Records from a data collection

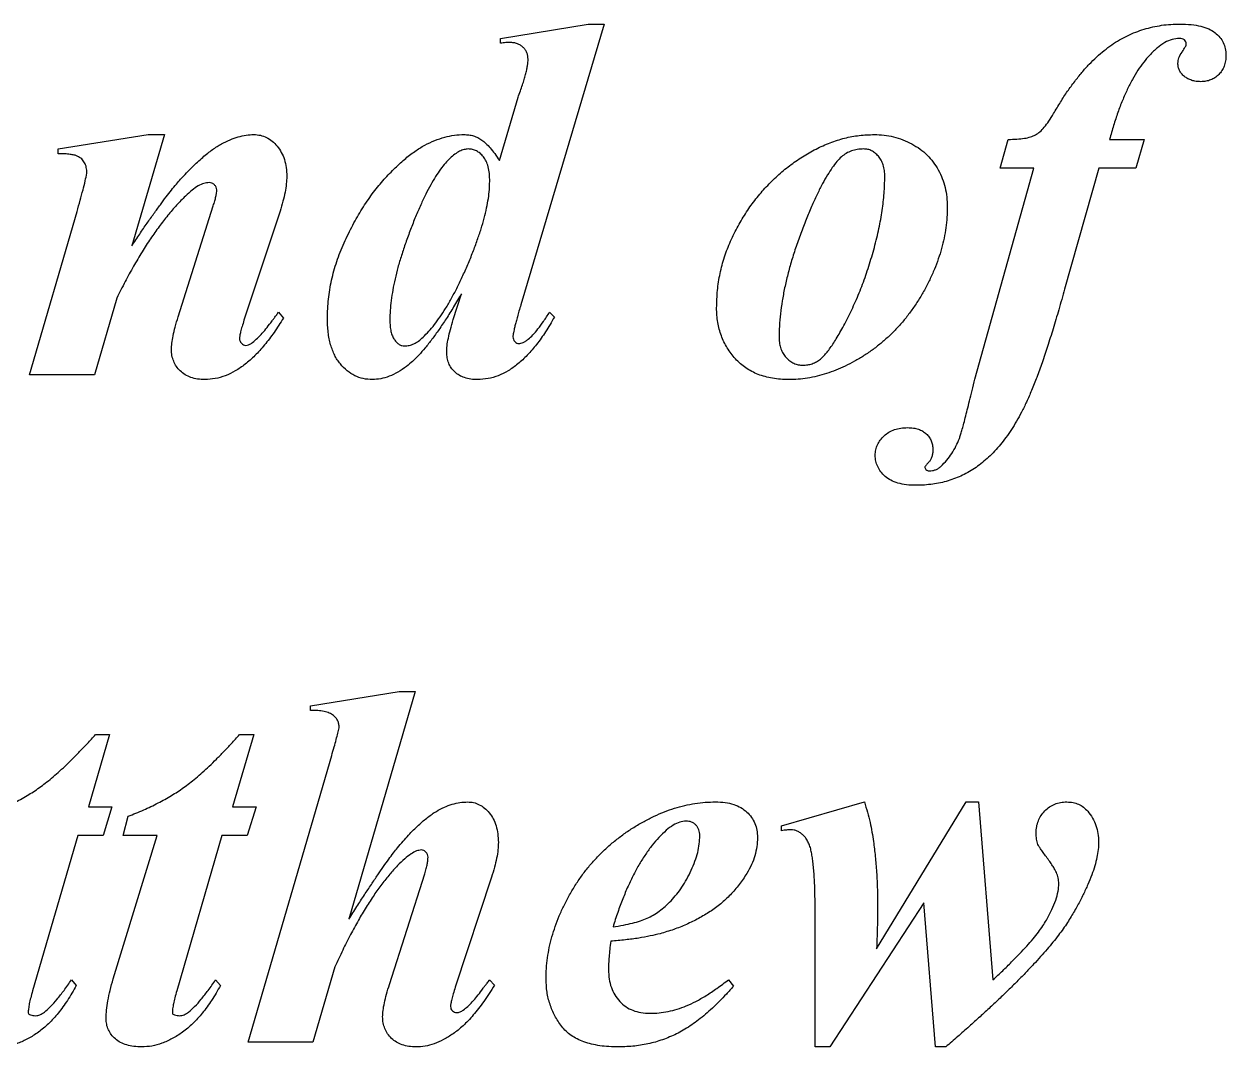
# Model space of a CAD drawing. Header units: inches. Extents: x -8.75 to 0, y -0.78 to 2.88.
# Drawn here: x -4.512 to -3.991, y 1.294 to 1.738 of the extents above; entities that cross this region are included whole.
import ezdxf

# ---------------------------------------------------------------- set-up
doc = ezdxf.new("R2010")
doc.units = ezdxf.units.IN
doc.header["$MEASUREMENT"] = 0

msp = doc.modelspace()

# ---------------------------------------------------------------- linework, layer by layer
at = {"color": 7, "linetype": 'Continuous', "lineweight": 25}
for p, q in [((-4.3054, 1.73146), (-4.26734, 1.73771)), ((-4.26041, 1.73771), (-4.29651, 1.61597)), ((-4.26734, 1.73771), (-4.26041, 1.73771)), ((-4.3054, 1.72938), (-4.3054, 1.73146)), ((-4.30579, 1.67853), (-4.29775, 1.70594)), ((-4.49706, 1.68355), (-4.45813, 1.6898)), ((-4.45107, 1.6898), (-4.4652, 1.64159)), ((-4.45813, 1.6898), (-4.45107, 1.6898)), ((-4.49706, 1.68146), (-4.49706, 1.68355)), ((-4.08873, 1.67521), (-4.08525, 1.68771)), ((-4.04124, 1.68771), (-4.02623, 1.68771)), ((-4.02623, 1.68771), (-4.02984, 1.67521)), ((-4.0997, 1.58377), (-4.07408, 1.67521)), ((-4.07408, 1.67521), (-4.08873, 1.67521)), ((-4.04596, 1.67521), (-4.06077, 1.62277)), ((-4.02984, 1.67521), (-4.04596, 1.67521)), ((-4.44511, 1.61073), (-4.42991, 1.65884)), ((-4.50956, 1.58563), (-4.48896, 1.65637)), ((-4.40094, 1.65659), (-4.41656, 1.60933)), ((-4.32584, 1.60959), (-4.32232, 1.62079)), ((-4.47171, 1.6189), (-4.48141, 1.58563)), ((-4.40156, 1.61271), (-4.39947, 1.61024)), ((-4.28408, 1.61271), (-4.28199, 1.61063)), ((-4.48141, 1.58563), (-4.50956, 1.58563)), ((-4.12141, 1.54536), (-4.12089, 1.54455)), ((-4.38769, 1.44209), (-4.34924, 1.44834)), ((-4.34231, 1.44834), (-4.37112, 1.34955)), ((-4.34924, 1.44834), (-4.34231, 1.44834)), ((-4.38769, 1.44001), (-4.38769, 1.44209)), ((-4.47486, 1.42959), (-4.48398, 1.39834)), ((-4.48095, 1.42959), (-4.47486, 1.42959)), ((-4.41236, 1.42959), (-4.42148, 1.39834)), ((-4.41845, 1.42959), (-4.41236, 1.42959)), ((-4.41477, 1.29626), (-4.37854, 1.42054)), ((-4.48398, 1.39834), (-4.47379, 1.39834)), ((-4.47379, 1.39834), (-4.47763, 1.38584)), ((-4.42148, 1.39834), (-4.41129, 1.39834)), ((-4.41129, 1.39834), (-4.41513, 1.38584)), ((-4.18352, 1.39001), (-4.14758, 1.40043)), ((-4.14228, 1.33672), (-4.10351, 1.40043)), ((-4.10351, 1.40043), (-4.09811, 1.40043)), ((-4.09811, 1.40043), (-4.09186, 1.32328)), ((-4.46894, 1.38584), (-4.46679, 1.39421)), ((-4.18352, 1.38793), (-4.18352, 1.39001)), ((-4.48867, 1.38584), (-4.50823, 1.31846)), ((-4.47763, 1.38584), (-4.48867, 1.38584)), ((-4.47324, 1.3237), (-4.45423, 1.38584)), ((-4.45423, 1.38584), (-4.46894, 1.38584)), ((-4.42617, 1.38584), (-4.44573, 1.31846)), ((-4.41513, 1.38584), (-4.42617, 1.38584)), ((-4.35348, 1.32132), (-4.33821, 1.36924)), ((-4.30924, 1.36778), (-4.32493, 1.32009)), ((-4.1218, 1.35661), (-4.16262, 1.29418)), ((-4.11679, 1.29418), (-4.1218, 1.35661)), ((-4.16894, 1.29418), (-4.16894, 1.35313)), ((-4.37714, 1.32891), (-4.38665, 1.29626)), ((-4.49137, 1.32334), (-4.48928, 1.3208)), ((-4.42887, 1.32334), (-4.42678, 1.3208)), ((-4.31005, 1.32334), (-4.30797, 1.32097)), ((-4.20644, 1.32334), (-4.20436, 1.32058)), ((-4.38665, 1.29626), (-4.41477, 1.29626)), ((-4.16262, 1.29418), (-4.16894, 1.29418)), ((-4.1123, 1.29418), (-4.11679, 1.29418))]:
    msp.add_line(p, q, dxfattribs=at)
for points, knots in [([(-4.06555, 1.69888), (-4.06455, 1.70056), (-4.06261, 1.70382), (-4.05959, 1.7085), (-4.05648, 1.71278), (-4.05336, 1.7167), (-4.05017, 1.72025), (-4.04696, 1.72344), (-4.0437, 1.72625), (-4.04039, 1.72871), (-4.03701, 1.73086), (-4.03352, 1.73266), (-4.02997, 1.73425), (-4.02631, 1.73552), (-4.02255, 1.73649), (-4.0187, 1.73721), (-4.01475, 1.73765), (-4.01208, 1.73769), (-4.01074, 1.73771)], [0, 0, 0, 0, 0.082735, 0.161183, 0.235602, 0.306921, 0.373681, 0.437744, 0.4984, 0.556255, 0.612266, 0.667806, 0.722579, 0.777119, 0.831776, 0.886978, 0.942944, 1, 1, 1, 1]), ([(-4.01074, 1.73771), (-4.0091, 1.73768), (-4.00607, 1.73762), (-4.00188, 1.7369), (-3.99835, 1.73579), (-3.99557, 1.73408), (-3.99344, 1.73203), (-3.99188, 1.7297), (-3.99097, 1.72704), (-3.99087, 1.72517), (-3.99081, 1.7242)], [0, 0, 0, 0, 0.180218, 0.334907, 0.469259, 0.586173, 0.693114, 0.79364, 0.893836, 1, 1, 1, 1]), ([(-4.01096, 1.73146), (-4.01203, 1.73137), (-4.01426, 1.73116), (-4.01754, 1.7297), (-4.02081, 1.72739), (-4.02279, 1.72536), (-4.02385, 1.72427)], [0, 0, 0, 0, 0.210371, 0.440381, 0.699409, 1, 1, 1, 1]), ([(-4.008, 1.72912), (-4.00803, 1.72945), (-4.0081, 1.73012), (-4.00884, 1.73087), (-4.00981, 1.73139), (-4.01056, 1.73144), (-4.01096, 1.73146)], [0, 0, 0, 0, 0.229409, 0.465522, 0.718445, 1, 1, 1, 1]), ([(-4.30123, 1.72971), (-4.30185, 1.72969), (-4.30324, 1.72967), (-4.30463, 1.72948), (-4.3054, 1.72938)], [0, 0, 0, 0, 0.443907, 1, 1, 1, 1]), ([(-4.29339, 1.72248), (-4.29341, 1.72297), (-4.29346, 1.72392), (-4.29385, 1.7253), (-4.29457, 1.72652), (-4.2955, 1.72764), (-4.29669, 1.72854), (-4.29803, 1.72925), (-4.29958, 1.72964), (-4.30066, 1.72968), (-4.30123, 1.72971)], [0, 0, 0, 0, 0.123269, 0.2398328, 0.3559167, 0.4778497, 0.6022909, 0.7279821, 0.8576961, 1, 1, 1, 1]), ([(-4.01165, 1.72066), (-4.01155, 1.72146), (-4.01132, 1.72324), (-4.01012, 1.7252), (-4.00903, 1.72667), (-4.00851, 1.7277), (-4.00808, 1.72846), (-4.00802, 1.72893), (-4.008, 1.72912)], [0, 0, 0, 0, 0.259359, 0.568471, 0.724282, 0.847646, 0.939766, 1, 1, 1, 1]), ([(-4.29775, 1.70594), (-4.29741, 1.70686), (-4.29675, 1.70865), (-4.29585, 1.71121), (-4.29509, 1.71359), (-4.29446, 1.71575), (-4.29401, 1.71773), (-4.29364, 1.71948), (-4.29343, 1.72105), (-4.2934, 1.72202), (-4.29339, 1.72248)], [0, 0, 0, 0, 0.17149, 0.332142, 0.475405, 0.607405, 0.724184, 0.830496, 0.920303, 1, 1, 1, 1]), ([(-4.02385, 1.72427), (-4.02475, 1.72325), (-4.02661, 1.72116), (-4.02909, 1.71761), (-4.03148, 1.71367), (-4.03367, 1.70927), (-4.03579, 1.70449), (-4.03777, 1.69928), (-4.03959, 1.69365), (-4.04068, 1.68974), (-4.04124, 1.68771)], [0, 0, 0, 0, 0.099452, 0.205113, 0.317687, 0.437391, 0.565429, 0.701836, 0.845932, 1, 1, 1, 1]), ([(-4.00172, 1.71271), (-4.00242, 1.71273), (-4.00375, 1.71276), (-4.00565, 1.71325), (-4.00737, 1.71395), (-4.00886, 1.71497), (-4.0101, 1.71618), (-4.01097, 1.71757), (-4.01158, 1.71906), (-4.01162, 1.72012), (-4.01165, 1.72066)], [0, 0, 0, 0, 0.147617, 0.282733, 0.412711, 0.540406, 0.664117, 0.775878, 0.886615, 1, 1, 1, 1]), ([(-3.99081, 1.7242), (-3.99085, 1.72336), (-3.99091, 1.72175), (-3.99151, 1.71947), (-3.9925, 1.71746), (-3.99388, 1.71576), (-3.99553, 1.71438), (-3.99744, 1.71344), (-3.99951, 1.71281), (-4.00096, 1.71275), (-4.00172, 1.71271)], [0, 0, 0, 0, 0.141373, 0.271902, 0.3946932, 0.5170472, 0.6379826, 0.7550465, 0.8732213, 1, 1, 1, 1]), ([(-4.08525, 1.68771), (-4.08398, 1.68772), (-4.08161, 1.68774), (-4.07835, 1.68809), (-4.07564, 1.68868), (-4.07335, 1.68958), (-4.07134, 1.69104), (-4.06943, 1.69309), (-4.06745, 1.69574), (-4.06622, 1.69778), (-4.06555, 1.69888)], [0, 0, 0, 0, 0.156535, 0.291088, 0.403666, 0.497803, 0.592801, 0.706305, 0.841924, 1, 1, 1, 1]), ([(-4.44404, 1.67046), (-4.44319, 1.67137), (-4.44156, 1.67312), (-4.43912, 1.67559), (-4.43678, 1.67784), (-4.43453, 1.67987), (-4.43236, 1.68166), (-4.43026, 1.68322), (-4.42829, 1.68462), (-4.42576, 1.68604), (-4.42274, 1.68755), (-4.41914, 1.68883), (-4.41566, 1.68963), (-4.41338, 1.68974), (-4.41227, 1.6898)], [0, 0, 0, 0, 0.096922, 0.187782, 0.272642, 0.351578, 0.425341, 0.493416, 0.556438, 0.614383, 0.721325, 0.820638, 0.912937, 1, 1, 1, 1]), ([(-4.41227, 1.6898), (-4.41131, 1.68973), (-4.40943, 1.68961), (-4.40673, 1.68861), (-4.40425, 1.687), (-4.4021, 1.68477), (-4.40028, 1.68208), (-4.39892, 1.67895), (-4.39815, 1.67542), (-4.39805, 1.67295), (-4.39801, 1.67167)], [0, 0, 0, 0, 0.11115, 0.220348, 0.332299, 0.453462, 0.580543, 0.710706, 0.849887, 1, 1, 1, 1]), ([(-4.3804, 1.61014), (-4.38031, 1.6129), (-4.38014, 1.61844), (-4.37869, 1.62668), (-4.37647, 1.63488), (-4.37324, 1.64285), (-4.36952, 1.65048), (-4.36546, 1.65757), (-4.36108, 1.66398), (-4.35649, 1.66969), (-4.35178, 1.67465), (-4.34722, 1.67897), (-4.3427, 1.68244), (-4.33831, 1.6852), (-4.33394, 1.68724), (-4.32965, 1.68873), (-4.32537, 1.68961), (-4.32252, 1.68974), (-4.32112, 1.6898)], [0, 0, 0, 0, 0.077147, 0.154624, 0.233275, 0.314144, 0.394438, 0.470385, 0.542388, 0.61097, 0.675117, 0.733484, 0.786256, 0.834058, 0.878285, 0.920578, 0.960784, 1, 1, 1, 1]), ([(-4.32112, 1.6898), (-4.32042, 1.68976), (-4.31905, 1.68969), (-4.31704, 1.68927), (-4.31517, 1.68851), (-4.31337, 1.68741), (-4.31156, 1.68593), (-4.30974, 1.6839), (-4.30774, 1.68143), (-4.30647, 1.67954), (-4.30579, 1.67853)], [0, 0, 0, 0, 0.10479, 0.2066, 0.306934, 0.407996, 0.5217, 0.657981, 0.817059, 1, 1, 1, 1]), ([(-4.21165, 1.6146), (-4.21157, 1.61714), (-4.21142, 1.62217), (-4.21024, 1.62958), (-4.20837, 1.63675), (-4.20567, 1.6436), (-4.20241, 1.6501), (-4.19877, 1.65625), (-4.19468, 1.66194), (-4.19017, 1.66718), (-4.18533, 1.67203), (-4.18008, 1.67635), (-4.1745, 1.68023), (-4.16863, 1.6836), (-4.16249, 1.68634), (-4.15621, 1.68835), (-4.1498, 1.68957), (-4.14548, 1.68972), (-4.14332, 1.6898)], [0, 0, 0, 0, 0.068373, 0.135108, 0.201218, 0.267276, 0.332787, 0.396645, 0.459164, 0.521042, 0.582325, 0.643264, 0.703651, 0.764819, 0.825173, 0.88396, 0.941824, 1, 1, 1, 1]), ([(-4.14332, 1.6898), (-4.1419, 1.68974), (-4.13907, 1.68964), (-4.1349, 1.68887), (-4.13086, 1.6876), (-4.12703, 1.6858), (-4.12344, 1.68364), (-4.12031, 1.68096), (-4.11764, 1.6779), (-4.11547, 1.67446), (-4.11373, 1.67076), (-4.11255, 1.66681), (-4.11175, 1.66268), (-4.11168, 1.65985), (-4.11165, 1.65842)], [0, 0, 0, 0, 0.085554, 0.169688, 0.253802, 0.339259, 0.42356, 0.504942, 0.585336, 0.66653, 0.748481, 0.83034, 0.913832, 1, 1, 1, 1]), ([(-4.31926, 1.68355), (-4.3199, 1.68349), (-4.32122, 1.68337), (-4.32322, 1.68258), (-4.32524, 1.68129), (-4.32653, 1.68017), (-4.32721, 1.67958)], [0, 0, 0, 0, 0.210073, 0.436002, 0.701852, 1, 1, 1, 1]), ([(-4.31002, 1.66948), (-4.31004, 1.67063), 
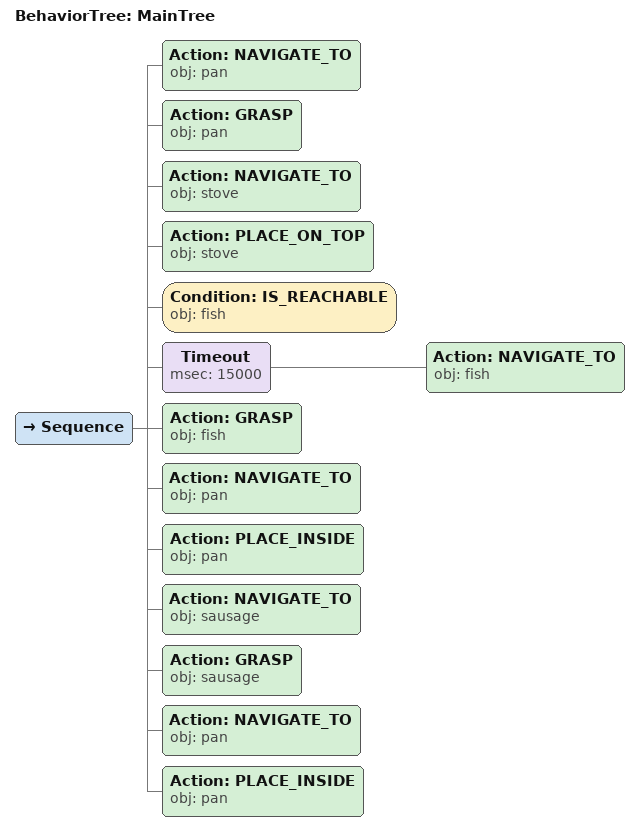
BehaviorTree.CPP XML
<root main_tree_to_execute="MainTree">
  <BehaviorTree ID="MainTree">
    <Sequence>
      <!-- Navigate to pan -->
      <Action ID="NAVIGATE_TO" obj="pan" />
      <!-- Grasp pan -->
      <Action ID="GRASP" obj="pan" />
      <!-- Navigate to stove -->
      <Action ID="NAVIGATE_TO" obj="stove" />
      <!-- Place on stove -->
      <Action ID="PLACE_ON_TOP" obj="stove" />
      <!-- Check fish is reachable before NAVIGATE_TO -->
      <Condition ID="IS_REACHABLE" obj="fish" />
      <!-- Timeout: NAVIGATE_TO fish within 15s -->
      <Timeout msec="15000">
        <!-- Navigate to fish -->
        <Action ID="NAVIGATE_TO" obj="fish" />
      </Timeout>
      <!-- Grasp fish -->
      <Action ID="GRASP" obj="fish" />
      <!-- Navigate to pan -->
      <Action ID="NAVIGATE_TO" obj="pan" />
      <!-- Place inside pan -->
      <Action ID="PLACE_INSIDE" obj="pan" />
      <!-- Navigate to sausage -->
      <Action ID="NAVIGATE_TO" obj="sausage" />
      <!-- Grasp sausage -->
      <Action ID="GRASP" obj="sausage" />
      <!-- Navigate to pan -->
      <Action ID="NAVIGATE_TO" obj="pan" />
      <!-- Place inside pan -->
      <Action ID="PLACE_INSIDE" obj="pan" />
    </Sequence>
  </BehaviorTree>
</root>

- Directions for this task: Lines in the data that include the word "sausage" should all be copied.

- Output below:
      <!-- Navigate to sausage -->
      <Action ID="NAVIGATE_TO" obj="sausage" />
      <!-- Grasp sausage -->
      <Action ID="GRASP" obj="sausage" />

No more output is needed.